Нечто похожее я наблюдаю у многих (хотя, конечно, далеко не всех) историков. Здесь принцип можно сформулировать таким образом: "По мере роста признания и авторитета историк имеет тенденцию проявлять свою некомпетентность в чужих для него темах".
Живет себе исследователь, который занимается, скажем, историей Первой мировой войны. Занимается вполне успешно, сидит в архивах, изучает тонны источников, публикует качественные работы... Много лет кропотливого труда - и он становится авторитетом, признанным специалистом в своей области. У него формируется "фан-клуб" (если он пишет для широкой аудитории) или плеяда учеников (если он работает в вузе), его хорошо знают коллеги, приглашают на конференции... Все идет отлично, но в какой-то момент человек словно слетает с катушек, идет вразнос. Вы думали, я только по Первой мировой? А я еще и по Второй могу! И по Вьетнаму! И по средневековым самураям! И по Пуническим войнам!
И вот прекрасный специалист по XХ веку начинает с умным видом рассуждать о европейском рыцарстве, знаток Наполеоновских войн - о военных роботах, а крупный авторитет в области ВВС Второй мировой войны - о тактике греческих фаланг (все примеры, сразу говорю, вымышлены - но реальные можно обнаружить на каждом шагу). Иногда получается более или менее прилично, особенно если у человека хватает ума опираться на признанных специалистов в этой сфере и не пытаться оригинальничать. Последнее удается далеко не всегда - уж слишком велик соблазн "сказать новое слово" в новой для себя теме. И это слово, увы, часто получается далеко не самым умным.
Я сейчас даже не беру обзорные работы - какую-нибудь "Историю Нового времени". Очевидно, что без них никуда, и столь же очевидно, что глубоко разбираться во всей охватываемой проблематике просто невозможно физически. Поэтому ошибки и ляпы здесь - неизбежное зло, масштабы которого, впрочем, вполне можно ограничить.
Я также не беру ситуацию, когда человек меняет тему и начинает глубоко копать новую для него область. Покойный профессор В.Г. Ревуненков, защитив кандидатскую по истории прихода Бисмарка к власти, впоследствии переключился на изучение Великой Французской революции и стал признанным специалистом в этой области. Я сам в свое время вынужден был с головой погрузиться в изучение современной внешней политики и политики безопасности ФРГ.

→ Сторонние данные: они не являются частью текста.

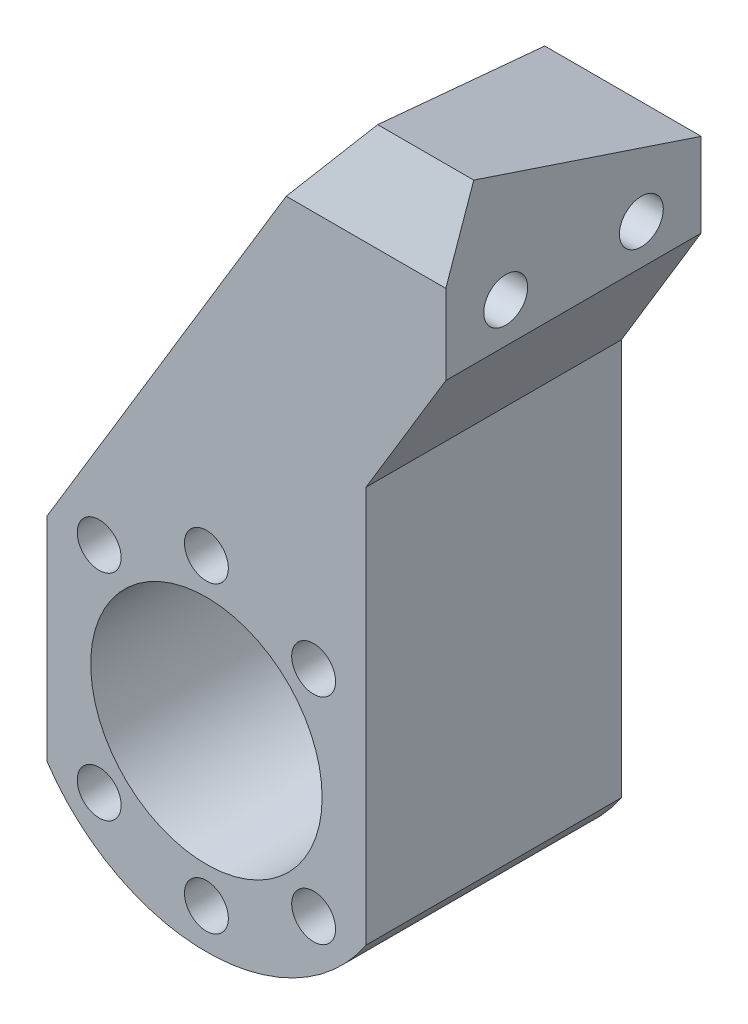
SolidWorks part; units mm, degrees
ref_plane "Plan de face" through (0, 0, 0) normal (0, 0, 1) x (1, 0, 0)
ref_plane "Plan de dessus" through (0, 0, 0) normal (0, 1, 0) x (1, 0, 0)
ref_plane "Plan de droite" through (0, 0, 0) normal (1, 0, 0) x (0, 0, -1)
sketch "Esquisse2" plane through (0, 0, 0) normal (0, 0, 1) x (1, 0, 0)
  line L0 (20, 13.2665) -> (20, -13.2665)
  line L1 (-20, 13.2665) -> (-20, -13.2665)
  line L2 (-20, 0) -> (20, 0) construction
  arc A2 (-20, 13.2665) -> (20, 13.2665) centre (0, 0) cw
  arc A3 (-20, -13.2665) -> (20, -13.2665) centre (0, 0) ccw
  circle A4 centre (0, 0) radius 19 construction
  circle A5 centre (0, 19) radius 2.75
  circle A6 centre (-13.435, 13.435) radius 2.75
  circle A7 centre (13.435, 13.435) radius 2.75
  circle A8 centre (0, -19) radius 2.75
  circle A9 centre (13.435, -13.435) radius 2.75
  circle A10 centre (-13.435, -13.435) radius 2.75
  circle A11 centre (0, 0) radius 14.5
  point P4 (0, 0)
  point P8 (0, 0)
  point P10 (-20, 0)
  point P11 (20, 0)
  dimension "D2" = 24
  dimension "D3" = 38
  dimension "D4" = 5.5
  dimension "D5" = 29
  dimension "D1" = 40
  dimension "D6" = 45
  dimension "D7" = 45
  dimension "D8" = 45
  dimension "D9" = 45
extrude "Boss.-Extru.1" add sketch "Esquisse2" along normal blind 32
sketch "Esquisse7" plane through (0, 0, 0) normal (0, 0, -1) x (-1, 0, 0)
  line L2 (-10, 63.001) -> (20, 13.2665)
  line L3 (-10, 63.001) -> (-30, 63.001)
  line L4 (-30, 63.001) -> (-30, 53.001)
  line L6 (-20, 13.2665) -> (-20, 36.4228)
  line L7 (-20, 36.4228) -> (-30, 53.001)
  arc A0 (20, 13.2665) -> (-20, 13.2665) centre (0, 0) ccw construction
  arc A1 (20, 13.2665) -> (-20, 13.2665) centre (0, 0) ccw
  dimension "D1" = 39.7345
  dimension "D2" = 10
  dimension "D3" = 10
  dimension "D4" = 20
extrude "Boss.-Extru.4" add sketch "Esquisse7" against normal up to surface (32 mm away) up to face at (0, 0, 32)
sketch "Esquisse10" plane through (30, 0, 0) normal (1, 0, 0) x (0, 0, -1)
  line L0 (-32, 53.001) -> (-32, 63.001) construction
  line L1 (-24.5, 58.001) -> (-7.5, 58.001) construction
  line L2 (-32, 63.001) -> (0, 63.001) construction
  circle A0 centre (-24.5, 58.001) radius 2.75
  circle A1 centre (-7.5, 58.001) radius 2.75
  point P4 (-16, 58.001)
  point P7 (-32, 58.001)
  point P10 (-16, 63.001)
  dimension "D1" = 5.5
  dimension "D2" = 7.5
extrude "Enlèv. mat.-Extru.3" cut sketch "Esquisse10" against normal up to next
sketch "Esquisse11" plane through (30, 0, 0) normal (1, 0, 0) x (0, 0, -1)
  line L0 (-32, 63.001) -> (0, 63.001)
  line L2 (-28.5, 73.001) -> (-32, 63.001)
  line L3 (0, 63.001) -> (0, 63.501)
  line L4 (0, 63.501) -> (-28.5, 73.001)
  dimension "D1" = 10
  dimension "D2" = 3.5
  dimension "D3" = 0.5
extrude "Boss.-Extru.6" add sketch "Esquisse11" against normal up to vertex (20 mm away) up to point (10, 63.001, 32)
sketch "Esquisse12" plane through (0, 0, 0) normal (0, 0, -1) x (-1, 0, 0)
  line L0 (-10, 63.001) -> (-17.9628, 73.001)
  line L2 (-10, 73.001) -> (-10, 63.001) construction
  line L3 (-10, 73.001) -> (-10, 63.001)
  line L5 (-10, 73.001) -> (-30, 73.001) construction
  line L6 (-17.9628, 73.001) -> (-10, 73.001)
extrude "Enlèv. mat.-Extru.4" cut sketch "Esquisse12" against normal up to next
ref_plane "Plan1" through (20, 0, 0) normal (1, 0, 0) x (0, 0, -1)
sketch "Esquisse13" plane through (20, 0, 0) normal (1, 0, 0) x (0, 0, -1)
  circle A0 centre (-7.5, 58.001) radius 6
  circle A1 centre (-24.5, 58.001) radius 6
  dimension "D1" = 12
extrude "Enlèv. mat.-Extru.5" cut sketch "Esquisse13" against normal up to next

Наконец, я оставляю за скобками попытки найти ответ на крупные, глобальные вопросы человеческой истории - такие, как наличие в ней законов и закономерностей. Такие попытки не только могут, но и должны предприниматься.
Я говорю о нередком, увы, положении дел, когда историк, приобретя вполне заслуженный авторитет в какой-то одной сфере, начинает залпами высказываться чуть ли не по всем проблемам всех времен и народов. Причины этого явления я, честно говоря, понимаю не до конца. Возможно, в какой-то момент у человека начинает кружиться голова от собственных успехов, и он забывает, какие титанические усилия потребовались для того, чтобы стать экспертом в одной конкретной области. Возможно, ему кажется, что доскональное знание одного эпизода мировой истории дало ему в руки универсальную отмычку ко всем остальным. Не знаю. Но эта ситуация еще раз демонстрирует мне, насколько важно сознавать пределы собственной компетентности и стараться не выходить за них без крайней необходимости.